When you’re about to move around, you need to take off that gear and stretch your inflamed foot with plantar fasciitis stretching exercises. That’s where most of those stretching exercises for plantar fasciitis come in handy. Of course, when your feet are sore, take some time to slightly massage them before you get started with any stretching for plantar fasciitis care. Some people use a hard object like a golf ball to gently work the inflamed area (to promote blood flow), though most people massage using ice. Either way works!
As for the plantar fasciitis stretches, it’s best to perform stretching exercises for plantar fasciitis in the morning and about three other times during the day. That ensures that your foot remains well stretchedand less prone to healing in a tense position.
One of the most common stretching exercises for plantar fasciitisis is known as the plantar fascia stretch, a sitting stretch. When you’re sitting, place your inflamed foot across your knee. With your hand on your affected foot, pull the toes there back toward your shin, until you feel them stretch your arch. After that, run your thumb along your foot to feel tension. Hold that for a count of 10 and repeat.
You can also try another stretch, one known as the belt stretch. Using a wide belt, hold both ends of the belt in your hands and place the center of that belt over the ball of your foot. Keep your knee straight and pull your ankle back to yourself with the belt and your front leg muscles. Pull it back and hold it for about 10 seconds. Relax, and then repeat the stretch for about 5 to 10 minutes.
Thanks for telling me about those stretching exercises for plantar fasciitis! Can you tell me more about some optimal stretching exercises for plantar fasciitis?
Sure, there are plenty of stretching exercises for plantar fasciitis! Another common stretching for plantar fasciitis exercise is known as the incline board stretch.

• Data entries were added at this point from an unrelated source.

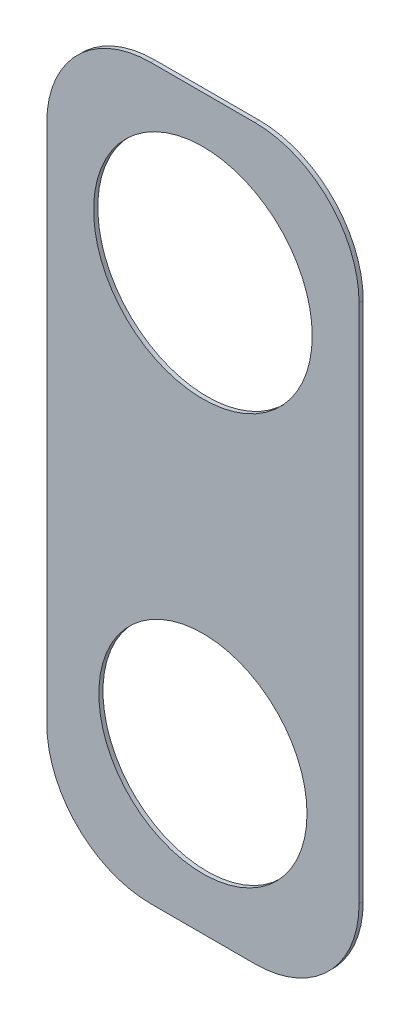
SolidWorks part; units mm, degrees
ref_plane "Front Plane" through (0, 0, 0) normal (0, 0, 1) x (1, 0, 0)
ref_plane "Top Plane" through (0, 0, 0) normal (0, 1, 0) x (1, 0, 0)
ref_plane "Right Plane" through (0, 0, 0) normal (1, 0, 0) x (0, 0, -1)
sketch "Sketch2" plane through (0, 0, 0) normal (0, 0, 1) x (1, 0, 0)
  line L0 (19.05, 88.9) -> (19.05, 0) construction
  line L1 (12.7, 0) -> (25.4, 0)
  line L2 (0, 12.7) -> (0, 76.2)
  line L3 (12.7, 88.9) -> (25.4, 88.9)
  line L4 (38.1, 12.7) -> (38.1, 76.2)
  line L5 (0, 19.05) -> (38.1, 19.05) construction
  line L6 (0, 69.85) -> (38.1, 69.85) construction
  arc A0 (0, 12.7) -> (12.7, 0) centre (12.7, 12.7) ccw
  arc A1 (25.4, 0) -> (38.1, 12.7) centre (25.4, 12.7) ccw
  arc A2 (38.1, 76.2) -> (25.4, 88.9) centre (25.4, 76.2) ccw
  arc A3 (12.7, 88.9) -> (0, 76.2) centre (12.7, 76.2) ccw
  circle A4 centre (19.05, 69.85) radius 13.335
  circle A5 centre (19.05, 19.05) radius 12.7
  point P7 (0, 0)
  point P10 (38.1, 0)
  point P13 (38.1, 88.9)
  point P16 (0, 88.9)
  dimension "D3" = 12.7
  dimension "D6" = 26.67
  dimension "D7" = 25.4
  dimension "D1" = 88.9
  dimension "D2" = 38.1
  dimension "D4" = 19.05
  dimension "D5" = 19.05
extrude "Boss-Extrude1" add sketch "Sketch2" along normal blind 0.508
equation "\"F\"= 650"
equation "\"Sy\"= 36000"
equation "\"stress\"= 9000"
equation "\"E\"= 29 * 10 ^ 6"
equation "\"deflection\"= 0.005"
equation "\"w\"= 0.02"
equation "\"h\"= 3.5"
equation "\"d_shaft\"= 1"
equation "\"d_part\"= 1.05"

This stretch involves using a board, book or other flat object on the floor. That should be situated about two feet from the wall, where you should stand. Place your foot onto that board, keeping your knee, hips and legs straight while you lean into the wall. Hold that for about 5 seconds, and then do about 10- to 20 heel raises. Relax in between repetitions and repeat the exercise for about 10 minutes. You can also do this exercise with a flexed knee for the same amount of time.
Another stretching exercise for plantar fasciitis that you can do is known as the massage stretch. This stretch uses a tubular object like a thick plastic pipe. Rest your feet onto the object, keeping the center of your foot’s arch set there. The bar should be about two inches in diameter and padded all around.
Sit with your knee bent about 90 degrees and start rolling your inflamed foot over the bar. Keep increasing the pressure until you feel slight discomfort from your inflamed foot. Hold that pressure as you continue to roll your foot over the bar for about 5 to 10 minutes at a time.
So, as you can see, there are limits to what physical activity you can do with your foot if it’s affected by plantar fasciitis, but that doesn’t mean you can’t do any physical activity. These stretching exercises for plantar fasciitis can help you keep your foot well stretched without having to deal with excessive pain from regular physical activity.